**Exercise goal**
Give the lines below again exactly, starting with the line that holds "#299=ORIENTED_EDGE('',*,*,#298,.T.);" and going on through the line that holds "#356=DIRECTION('',(0.,0.,-1.));".

**Extracted entries**
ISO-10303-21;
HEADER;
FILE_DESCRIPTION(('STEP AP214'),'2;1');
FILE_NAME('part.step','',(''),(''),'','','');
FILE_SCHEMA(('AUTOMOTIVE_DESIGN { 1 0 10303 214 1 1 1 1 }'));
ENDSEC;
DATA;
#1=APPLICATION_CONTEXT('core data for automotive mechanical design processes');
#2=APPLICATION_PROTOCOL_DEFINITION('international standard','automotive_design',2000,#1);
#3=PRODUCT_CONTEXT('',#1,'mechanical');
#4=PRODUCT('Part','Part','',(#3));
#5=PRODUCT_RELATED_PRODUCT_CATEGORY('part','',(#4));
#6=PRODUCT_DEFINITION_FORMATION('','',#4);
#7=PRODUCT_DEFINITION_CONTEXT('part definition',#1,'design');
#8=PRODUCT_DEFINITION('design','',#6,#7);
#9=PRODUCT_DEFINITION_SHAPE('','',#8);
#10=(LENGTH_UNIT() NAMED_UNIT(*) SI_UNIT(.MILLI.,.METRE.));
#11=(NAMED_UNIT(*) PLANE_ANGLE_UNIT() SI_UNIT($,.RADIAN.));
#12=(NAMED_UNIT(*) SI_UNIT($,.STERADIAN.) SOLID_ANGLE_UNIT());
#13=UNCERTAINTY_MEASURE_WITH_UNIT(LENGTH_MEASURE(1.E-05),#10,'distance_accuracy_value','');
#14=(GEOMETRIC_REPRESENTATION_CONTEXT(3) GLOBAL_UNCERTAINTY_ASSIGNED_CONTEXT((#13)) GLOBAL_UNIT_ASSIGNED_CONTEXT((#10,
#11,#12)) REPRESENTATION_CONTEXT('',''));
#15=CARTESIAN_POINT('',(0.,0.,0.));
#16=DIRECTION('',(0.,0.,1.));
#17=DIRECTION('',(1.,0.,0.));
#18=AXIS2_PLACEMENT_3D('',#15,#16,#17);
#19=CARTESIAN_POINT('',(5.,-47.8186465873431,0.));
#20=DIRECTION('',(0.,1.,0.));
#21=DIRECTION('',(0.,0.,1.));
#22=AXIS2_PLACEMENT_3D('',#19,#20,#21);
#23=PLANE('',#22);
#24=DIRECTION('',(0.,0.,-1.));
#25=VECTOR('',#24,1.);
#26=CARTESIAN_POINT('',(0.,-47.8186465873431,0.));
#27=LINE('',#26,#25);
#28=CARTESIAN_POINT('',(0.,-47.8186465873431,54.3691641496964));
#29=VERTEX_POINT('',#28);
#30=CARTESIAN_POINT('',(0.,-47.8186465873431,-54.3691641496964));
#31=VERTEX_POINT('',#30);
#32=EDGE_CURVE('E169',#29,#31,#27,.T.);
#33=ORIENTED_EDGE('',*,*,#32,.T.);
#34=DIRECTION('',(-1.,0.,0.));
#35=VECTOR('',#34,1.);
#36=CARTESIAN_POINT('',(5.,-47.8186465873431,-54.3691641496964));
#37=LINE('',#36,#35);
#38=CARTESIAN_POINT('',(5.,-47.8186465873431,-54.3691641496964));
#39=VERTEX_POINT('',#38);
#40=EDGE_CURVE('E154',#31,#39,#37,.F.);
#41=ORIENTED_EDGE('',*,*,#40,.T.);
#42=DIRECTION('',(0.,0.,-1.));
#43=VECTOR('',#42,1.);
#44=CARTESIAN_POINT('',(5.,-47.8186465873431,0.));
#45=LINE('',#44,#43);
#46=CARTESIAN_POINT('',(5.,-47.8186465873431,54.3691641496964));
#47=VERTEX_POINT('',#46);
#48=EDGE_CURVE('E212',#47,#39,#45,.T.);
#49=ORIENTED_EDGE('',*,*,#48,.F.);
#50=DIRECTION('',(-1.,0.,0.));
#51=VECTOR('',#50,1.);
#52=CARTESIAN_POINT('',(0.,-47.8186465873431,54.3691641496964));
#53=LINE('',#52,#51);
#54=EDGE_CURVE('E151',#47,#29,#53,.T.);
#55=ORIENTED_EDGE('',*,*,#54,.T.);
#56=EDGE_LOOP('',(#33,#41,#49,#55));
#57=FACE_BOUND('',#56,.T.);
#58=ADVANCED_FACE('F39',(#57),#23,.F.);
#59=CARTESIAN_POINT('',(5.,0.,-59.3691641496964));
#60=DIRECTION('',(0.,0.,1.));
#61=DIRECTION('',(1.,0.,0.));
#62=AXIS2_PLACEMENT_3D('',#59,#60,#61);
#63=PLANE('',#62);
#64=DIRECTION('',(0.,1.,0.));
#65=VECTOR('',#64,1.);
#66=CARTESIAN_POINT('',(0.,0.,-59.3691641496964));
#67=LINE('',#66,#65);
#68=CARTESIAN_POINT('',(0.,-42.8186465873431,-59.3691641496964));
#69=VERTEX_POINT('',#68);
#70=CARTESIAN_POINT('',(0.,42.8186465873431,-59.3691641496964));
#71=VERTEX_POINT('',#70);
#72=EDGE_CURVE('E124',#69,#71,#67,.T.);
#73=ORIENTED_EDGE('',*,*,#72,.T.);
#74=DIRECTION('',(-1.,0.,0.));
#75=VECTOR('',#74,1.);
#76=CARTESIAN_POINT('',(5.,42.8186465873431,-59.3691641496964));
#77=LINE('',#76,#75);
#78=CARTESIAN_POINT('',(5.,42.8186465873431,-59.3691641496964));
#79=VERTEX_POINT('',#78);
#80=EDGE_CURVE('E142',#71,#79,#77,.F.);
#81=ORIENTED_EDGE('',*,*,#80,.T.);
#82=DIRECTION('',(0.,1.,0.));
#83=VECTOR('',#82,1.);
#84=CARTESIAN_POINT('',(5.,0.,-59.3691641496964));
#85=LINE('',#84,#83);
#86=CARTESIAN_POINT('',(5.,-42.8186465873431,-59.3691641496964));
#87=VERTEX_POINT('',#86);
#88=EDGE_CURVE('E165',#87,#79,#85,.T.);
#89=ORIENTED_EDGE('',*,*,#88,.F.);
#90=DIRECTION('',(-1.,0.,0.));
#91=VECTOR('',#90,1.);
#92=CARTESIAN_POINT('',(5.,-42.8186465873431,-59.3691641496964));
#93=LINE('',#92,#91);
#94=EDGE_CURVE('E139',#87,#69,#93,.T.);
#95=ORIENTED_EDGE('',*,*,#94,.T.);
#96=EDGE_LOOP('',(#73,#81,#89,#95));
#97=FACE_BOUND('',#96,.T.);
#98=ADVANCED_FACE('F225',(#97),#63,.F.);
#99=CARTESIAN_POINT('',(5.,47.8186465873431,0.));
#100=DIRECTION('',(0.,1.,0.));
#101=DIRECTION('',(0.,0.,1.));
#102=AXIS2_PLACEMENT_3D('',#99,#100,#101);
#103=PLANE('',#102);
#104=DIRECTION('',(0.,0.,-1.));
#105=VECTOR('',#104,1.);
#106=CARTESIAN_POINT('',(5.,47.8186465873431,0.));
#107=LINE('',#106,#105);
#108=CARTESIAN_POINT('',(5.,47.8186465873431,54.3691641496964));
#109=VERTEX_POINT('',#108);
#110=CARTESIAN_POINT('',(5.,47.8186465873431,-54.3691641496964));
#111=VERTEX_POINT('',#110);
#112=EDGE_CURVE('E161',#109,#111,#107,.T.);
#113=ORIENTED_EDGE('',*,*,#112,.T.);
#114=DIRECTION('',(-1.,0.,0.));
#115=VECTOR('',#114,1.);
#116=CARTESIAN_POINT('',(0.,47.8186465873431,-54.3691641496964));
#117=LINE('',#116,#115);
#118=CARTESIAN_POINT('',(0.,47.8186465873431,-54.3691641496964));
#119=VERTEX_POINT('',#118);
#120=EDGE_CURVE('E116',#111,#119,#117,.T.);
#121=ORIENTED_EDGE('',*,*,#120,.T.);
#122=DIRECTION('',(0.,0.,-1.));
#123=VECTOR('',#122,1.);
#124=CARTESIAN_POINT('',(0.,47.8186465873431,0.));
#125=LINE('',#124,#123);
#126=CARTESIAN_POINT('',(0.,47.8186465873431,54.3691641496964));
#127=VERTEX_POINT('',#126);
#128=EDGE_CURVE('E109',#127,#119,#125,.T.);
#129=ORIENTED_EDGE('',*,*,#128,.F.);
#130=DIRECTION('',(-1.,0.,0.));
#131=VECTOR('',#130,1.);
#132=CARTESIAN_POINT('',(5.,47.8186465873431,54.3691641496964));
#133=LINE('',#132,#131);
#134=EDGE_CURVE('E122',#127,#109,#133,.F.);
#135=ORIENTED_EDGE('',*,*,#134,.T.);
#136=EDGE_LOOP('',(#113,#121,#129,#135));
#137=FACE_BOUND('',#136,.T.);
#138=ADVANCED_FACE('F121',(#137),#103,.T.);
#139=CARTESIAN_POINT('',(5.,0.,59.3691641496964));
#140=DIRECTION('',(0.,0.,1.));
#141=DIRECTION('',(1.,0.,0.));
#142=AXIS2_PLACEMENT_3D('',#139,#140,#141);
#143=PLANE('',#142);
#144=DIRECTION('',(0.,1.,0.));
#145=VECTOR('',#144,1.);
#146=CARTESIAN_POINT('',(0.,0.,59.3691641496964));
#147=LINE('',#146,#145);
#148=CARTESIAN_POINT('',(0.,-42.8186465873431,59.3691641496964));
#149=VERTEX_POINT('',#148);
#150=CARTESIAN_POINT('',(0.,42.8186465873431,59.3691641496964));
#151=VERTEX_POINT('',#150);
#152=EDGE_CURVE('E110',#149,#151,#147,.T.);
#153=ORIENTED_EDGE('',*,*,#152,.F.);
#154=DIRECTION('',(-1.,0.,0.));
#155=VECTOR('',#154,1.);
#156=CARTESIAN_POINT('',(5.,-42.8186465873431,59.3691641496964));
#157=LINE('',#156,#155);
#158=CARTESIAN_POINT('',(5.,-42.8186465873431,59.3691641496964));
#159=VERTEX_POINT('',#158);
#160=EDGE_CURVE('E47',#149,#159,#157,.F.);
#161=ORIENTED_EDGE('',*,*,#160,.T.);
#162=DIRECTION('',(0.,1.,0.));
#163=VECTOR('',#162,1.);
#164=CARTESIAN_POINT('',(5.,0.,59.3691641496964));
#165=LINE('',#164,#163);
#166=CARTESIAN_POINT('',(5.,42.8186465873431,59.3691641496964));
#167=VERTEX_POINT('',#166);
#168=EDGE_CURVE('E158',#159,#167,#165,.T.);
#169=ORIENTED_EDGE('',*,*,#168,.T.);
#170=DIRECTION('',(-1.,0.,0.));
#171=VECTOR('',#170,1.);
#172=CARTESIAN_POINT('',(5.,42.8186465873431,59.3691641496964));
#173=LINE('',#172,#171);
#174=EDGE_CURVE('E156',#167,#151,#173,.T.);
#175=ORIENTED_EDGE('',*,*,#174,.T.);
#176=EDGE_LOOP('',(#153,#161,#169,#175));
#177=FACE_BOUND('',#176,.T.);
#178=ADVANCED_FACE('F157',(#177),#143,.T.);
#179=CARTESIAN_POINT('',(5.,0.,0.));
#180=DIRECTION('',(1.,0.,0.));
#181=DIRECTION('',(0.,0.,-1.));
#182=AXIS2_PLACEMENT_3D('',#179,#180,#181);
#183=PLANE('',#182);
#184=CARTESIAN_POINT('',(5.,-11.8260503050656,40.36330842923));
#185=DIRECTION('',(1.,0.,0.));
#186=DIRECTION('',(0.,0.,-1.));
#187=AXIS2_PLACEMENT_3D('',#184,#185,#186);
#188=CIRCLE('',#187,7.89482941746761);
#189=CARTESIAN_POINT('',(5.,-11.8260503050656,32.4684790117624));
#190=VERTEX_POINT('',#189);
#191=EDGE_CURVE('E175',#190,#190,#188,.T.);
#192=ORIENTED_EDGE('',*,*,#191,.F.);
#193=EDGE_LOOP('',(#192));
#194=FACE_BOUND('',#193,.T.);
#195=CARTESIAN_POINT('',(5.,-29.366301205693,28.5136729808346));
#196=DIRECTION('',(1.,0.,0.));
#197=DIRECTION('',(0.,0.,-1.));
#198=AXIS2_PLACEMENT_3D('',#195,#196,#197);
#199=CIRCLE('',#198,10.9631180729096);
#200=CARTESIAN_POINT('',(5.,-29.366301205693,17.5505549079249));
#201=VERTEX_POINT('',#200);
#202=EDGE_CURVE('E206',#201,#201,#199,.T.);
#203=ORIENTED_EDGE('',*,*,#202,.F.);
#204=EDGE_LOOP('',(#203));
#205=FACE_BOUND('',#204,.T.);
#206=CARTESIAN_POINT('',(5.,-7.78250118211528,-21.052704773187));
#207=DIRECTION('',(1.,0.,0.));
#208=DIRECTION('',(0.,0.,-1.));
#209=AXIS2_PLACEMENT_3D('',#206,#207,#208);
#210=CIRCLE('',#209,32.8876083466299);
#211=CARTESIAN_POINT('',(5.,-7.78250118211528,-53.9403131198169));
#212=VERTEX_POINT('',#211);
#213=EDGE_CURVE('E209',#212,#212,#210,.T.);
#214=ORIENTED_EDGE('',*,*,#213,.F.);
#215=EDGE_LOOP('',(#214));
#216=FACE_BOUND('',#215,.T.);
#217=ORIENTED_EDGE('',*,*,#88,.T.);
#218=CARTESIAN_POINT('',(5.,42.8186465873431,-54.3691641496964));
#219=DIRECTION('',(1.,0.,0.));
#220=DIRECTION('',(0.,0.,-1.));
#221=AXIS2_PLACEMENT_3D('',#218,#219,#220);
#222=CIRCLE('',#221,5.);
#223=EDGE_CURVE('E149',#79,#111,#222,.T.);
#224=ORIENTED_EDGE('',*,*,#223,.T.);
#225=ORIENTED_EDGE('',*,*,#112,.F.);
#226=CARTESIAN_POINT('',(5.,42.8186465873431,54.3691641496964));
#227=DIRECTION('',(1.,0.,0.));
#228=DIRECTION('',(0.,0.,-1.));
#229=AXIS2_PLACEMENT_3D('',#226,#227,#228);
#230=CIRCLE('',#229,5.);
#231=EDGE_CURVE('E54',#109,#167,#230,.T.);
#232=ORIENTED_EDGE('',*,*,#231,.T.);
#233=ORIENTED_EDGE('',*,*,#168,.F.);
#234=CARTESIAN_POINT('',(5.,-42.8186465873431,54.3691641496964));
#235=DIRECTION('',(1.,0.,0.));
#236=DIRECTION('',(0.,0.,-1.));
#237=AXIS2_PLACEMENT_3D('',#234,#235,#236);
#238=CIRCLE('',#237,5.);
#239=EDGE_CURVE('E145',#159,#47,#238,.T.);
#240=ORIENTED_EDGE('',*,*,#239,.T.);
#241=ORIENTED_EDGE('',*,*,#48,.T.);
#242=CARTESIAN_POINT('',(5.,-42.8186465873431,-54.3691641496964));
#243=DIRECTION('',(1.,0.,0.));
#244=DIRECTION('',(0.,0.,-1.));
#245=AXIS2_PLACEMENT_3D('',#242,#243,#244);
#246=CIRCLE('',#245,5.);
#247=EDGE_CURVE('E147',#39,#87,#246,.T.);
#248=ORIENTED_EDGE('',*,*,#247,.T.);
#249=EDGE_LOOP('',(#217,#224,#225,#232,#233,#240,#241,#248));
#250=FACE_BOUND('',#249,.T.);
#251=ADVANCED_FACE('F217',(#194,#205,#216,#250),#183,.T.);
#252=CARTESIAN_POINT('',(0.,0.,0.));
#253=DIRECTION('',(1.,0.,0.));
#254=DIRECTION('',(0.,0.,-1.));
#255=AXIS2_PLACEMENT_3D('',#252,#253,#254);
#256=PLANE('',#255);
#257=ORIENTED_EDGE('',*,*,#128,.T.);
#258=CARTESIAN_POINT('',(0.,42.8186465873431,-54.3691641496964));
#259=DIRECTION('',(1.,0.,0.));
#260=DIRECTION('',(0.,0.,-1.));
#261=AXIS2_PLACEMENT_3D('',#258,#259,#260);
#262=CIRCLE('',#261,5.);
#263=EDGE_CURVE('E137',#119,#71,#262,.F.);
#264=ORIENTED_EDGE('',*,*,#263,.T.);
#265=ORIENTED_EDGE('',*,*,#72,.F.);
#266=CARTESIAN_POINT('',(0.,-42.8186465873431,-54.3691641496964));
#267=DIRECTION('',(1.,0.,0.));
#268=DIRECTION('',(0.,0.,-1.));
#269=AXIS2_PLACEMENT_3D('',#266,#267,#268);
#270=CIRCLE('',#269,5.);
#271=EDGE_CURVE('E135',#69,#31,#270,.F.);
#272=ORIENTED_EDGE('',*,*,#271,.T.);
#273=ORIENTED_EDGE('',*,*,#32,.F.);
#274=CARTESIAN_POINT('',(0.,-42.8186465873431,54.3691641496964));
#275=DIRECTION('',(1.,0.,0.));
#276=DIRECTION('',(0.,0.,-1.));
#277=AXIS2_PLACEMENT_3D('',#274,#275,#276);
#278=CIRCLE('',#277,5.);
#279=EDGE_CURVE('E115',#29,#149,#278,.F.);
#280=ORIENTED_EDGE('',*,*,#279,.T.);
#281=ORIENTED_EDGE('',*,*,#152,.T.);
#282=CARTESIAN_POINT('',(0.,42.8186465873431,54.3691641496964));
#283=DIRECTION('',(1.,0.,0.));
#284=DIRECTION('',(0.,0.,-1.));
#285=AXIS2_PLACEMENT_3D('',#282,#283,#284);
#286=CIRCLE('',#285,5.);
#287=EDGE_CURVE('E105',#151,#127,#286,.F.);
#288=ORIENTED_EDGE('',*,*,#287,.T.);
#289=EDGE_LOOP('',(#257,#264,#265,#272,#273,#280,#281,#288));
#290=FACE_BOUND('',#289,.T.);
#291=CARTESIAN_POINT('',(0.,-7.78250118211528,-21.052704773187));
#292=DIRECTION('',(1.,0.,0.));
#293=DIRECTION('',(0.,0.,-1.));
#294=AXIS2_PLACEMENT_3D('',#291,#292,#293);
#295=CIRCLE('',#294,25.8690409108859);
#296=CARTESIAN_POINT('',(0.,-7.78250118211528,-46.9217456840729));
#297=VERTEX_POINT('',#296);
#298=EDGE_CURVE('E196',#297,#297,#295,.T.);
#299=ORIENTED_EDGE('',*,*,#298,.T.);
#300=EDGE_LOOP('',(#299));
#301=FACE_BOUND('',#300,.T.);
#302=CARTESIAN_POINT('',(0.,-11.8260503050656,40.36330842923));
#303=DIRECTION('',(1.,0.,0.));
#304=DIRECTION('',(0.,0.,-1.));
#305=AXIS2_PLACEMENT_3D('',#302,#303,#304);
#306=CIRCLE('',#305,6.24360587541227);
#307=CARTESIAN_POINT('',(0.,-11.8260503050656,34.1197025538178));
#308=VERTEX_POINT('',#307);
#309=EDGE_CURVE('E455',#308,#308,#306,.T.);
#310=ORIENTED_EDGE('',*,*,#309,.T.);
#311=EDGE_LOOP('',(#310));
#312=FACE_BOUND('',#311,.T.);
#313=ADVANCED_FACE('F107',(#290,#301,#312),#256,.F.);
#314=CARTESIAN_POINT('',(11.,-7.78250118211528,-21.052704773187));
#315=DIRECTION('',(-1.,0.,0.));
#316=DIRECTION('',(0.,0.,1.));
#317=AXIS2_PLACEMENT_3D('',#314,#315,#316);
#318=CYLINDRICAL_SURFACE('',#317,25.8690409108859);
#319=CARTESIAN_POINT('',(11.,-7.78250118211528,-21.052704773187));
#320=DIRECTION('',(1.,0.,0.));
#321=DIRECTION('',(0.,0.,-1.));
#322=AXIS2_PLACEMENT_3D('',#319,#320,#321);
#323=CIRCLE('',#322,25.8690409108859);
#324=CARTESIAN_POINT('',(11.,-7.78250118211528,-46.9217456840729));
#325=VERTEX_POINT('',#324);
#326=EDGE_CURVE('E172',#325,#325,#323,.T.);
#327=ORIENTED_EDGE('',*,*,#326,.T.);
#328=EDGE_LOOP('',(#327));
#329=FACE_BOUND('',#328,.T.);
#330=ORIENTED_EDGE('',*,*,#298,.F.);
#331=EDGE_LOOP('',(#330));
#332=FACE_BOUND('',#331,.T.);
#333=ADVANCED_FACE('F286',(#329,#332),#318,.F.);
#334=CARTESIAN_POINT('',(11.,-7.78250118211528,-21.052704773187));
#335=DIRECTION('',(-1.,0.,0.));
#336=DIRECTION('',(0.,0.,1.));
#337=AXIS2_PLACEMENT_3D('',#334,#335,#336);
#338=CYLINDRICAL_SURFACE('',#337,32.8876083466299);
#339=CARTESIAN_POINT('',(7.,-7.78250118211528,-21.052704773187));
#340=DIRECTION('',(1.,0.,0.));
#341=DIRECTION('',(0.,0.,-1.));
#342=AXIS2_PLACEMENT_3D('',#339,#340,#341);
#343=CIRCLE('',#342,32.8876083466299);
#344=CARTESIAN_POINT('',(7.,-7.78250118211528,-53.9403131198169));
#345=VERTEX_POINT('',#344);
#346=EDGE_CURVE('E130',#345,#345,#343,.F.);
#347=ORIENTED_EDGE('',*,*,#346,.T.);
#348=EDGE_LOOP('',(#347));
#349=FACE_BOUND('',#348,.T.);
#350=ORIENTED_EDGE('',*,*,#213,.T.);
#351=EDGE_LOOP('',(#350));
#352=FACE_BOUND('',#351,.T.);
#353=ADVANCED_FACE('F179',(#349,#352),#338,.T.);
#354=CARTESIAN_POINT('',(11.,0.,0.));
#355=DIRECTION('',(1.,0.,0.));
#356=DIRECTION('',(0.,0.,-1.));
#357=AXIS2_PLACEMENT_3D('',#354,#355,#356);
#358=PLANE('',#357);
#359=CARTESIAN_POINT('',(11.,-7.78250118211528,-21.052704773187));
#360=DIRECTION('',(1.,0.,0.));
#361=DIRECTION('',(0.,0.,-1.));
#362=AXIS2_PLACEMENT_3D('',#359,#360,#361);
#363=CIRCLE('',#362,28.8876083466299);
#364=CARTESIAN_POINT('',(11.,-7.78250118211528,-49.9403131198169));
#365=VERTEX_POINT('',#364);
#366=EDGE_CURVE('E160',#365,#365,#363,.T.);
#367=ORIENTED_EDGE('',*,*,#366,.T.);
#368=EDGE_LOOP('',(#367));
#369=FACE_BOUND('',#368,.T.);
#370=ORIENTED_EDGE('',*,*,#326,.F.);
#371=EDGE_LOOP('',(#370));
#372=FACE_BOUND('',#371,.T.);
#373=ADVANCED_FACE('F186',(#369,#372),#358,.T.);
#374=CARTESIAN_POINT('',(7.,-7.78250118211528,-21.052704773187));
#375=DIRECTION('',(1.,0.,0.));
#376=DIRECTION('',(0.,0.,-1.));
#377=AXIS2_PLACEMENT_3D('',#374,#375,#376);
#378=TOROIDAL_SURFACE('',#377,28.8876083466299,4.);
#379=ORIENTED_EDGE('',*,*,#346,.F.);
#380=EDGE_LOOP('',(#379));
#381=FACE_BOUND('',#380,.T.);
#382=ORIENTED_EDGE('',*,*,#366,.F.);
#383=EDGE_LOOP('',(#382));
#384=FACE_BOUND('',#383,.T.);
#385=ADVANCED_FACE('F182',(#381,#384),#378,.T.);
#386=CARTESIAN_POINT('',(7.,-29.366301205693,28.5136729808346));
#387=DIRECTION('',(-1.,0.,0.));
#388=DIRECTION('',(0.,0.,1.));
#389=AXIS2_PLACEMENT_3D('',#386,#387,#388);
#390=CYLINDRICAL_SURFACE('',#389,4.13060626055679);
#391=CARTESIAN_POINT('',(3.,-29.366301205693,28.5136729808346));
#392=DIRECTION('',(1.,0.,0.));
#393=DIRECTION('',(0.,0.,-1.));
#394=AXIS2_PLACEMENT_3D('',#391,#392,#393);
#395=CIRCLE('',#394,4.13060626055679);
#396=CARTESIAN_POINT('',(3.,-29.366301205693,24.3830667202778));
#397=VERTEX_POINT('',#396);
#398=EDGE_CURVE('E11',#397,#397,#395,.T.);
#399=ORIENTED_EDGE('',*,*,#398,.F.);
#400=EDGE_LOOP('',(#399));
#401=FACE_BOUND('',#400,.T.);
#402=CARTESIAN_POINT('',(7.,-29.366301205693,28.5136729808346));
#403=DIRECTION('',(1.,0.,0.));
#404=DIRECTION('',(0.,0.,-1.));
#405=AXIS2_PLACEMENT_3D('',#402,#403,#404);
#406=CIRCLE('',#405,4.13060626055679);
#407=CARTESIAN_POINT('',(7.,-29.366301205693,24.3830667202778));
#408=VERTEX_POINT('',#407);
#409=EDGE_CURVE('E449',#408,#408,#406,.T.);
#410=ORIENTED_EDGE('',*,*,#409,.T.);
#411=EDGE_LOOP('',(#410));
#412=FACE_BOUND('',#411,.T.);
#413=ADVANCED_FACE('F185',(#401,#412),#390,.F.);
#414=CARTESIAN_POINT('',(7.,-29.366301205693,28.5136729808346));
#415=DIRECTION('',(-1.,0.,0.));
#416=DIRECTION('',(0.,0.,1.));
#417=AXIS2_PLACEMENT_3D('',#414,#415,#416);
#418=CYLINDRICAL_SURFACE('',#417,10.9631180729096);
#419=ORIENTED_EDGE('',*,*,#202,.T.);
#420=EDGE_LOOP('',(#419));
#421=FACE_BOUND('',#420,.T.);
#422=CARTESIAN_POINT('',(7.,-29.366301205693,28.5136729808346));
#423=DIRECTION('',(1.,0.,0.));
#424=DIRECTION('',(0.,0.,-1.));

**Task answer**
#299=ORIENTED_EDGE('',*,*,#298,.T.);
#300=EDGE_LOOP('',(#299));
#301=FACE_BOUND('',#300,.T.);
#302=CARTESIAN_POINT('',(0.,-11.8260503050656,40.36330842923));
#303=DIRECTION('',(1.,0.,0.));
#304=DIRECTION('',(0.,0.,-1.));
#305=AXIS2_PLACEMENT_3D('',#302,#303,#304);
#306=CIRCLE('',#305,6.24360587541227);
#307=CARTESIAN_POINT('',(0.,-11.8260503050656,34.1197025538178));
#308=VERTEX_POINT('',#307);
#309=EDGE_CURVE('E455',#308,#308,#306,.T.);
#310=ORIENTED_EDGE('',*,*,#309,.T.);
#311=EDGE_LOOP('',(#310));
#312=FACE_BOUND('',#311,.T.);
#313=ADVANCED_FACE('F107',(#290,#301,#312),#256,.F.);
#314=CARTESIAN_POINT('',(11.,-7.78250118211528,-21.052704773187));
#315=DIRECTION('',(-1.,0.,0.));
#316=DIRECTION('',(0.,0.,1.));
#317=AXIS2_PLACEMENT_3D('',#314,#315,#316);
#318=CYLINDRICAL_SURFACE('',#317,25.8690409108859);
#319=CARTESIAN_POINT('',(11.,-7.78250118211528,-21.052704773187));
#320=DIRECTION('',(1.,0.,0.));
#321=DIRECTION('',(0.,0.,-1.));
#322=AXIS2_PLACEMENT_3D('',#319,#320,#321);
#323=CIRCLE('',#322,25.8690409108859);
#324=CARTESIAN_POINT('',(11.,-7.78250118211528,-46.9217456840729));
#325=VERTEX_POINT('',#324);
#326=EDGE_CURVE('E172',#325,#325,#323,.T.);
#327=ORIENTED_EDGE('',*,*,#326,.T.);
#328=EDGE_LOOP('',(#327));
#329=FACE_BOUND('',#328,.T.);
#330=ORIENTED_EDGE('',*,*,#298,.F.);
#331=EDGE_LOOP('',(#330));
#332=FACE_BOUND('',#331,.T.);
#333=ADVANCED_FACE('F286',(#329,#332),#318,.F.);
#334=CARTESIAN_POINT('',(11.,-7.78250118211528,-21.052704773187));
#335=DIRECTION('',(-1.,0.,0.));
#336=DIRECTION('',(0.,0.,1.));
#337=AXIS2_PLACEMENT_3D('',#334,#335,#336);
#338=CYLINDRICAL_SURFACE('',#337,32.8876083466299);
#339=CARTESIAN_POINT('',(7.,-7.78250118211528,-21.052704773187));
#340=DIRECTION('',(1.,0.,0.));
#341=DIRECTION('',(0.,0.,-1.));
#342=AXIS2_PLACEMENT_3D('',#339,#340,#341);
#343=CIRCLE('',#342,32.8876083466299);
#344=CARTESIAN_POINT('',(7.,-7.78250118211528,-53.9403131198169));
#345=VERTEX_POINT('',#344);
#346=EDGE_CURVE('E130',#345,#345,#343,.F.);
#347=ORIENTED_EDGE('',*,*,#346,.T.);
#348=EDGE_LOOP('',(#347));
#349=FACE_BOUND('',#348,.T.);
#350=ORIENTED_EDGE('',*,*,#213,.T.);
#351=EDGE_LOOP('',(#350));
#352=FACE_BOUND('',#351,.T.);
#353=ADVANCED_FACE('F179',(#349,#352),#338,.T.);
#354=CARTESIAN_POINT('',(11.,0.,0.));
#355=DIRECTION('',(1.,0.,0.));
#356=DIRECTION('',(0.,0.,-1.));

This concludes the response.